Amid this growing economic malaise and stagnant negativity about the nation, President Joe Biden’s approval rating has also dipped in the new poll. Overall, 41% of adults say they approve of the president’s performance, down from 44% in the most recent CNN polling though still ahead of its low point this summer. Among likely voters, Biden’s rating stands at 42%, about on par with Donald Trump among likely voters in 2018 (41% approved) and Barack Obama in 2010 (43% approved).

The new CNN Poll was conducted by SSRS October 26 through 31 among a random national sample of 1,508 adults using sample drawn from a probability-based panel, including 1,290 registered voters and 992 likely voters. Surveys were either conducted online or by telephone with a live interviewer. Results for the full sample have a margin of sampling error of plus or minus 3.2 percentage points; it is 3.4 points among registered voters and 3.8 among likely voters. Likely voters were identified through a series of questions about their intention to, interest in and past history of voting.

Half of Americans have confidence that the results of US elections reflect the will of the people, with Republicans less confident than Democrats in the fairness of the process and more likely to reject the idea that losing candidates have a responsibility to concede.

Fifty percent of adults say they’re at least somewhat confident that elections in America today reflect the will of the people, with the rest expressing little or no confidence.
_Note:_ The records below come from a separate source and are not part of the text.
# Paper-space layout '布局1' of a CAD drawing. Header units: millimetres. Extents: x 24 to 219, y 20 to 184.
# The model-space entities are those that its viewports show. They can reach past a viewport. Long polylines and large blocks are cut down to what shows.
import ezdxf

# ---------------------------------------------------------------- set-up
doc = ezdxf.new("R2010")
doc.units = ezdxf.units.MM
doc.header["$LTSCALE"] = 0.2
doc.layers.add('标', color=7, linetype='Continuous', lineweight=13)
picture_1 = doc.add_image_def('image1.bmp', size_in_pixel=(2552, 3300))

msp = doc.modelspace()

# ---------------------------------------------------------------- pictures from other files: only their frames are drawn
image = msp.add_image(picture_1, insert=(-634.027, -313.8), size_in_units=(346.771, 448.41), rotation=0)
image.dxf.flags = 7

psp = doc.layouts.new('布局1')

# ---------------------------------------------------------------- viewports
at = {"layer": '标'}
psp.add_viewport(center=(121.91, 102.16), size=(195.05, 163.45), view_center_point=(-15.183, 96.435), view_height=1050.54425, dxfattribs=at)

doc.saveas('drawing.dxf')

That represents a modest improvement from CNN’s polling this summer, when just 42% described themselves as confidant. The shift is due largely to a modest rebound in trust among independents (49% say they’re at least somewhat confident in elections, up from 38%) and Republicans (41%, up from 29%). Trust remains highest among Democrats – 61% express at least some confidence, similar to the 57% who said the same this summer.

Still, increased GOP confidence in the election system doesn’t translate into an increased willingness to accept the results of the 2020 presidential election: 66% of Republicans say they don’t believe Biden legitimately won the election, unchanged from July.

The vast majority of Americans, 82%, say that losing candidates in their state have an obligation to accept the results and concede, but 17% say that losing candidates don’t face such an obligation. A quarter of Republicans say losing candidates don’t have an obligation to concede, compared with 7% of Democrats. Within the GOP, that view is concentrated among election deniers: 33% of Republicans who deny that Biden won the presidency fairly don’t think losing candidates should be obliged to acknowledge their loss, a view shared by only 8% of Republicans who accept the results of the 2020 election.

Republicans are also less likely than Democrats to say that challenges by their own party’s losing candidates would be detrimental to public trust in the nation’s election system. A 71% majority of Democrats and Democratic-leaning independents say that a losing candidate from their party who challenged the results would be doing more to decrease confidence in American elections than to increase it. A smaller 54% majority of Republicans and Republican-leaners say that a losing GOP candidate would decrease confidence in elections by challenging the results.

On both the Republican and Democratic sides, partisans are more likely than independents who lean toward their party to say that their candidate would be increasing confidence in elections by challenging results, and those without college degrees are also more likely than those with degrees to see such a move as confidence-inducing. On the GOP side, self-described conservatives are more likely than self-described moderates to say that challenging election results inspire confidence in the system; there’s not much of a similar ideological gap on the Democratic side.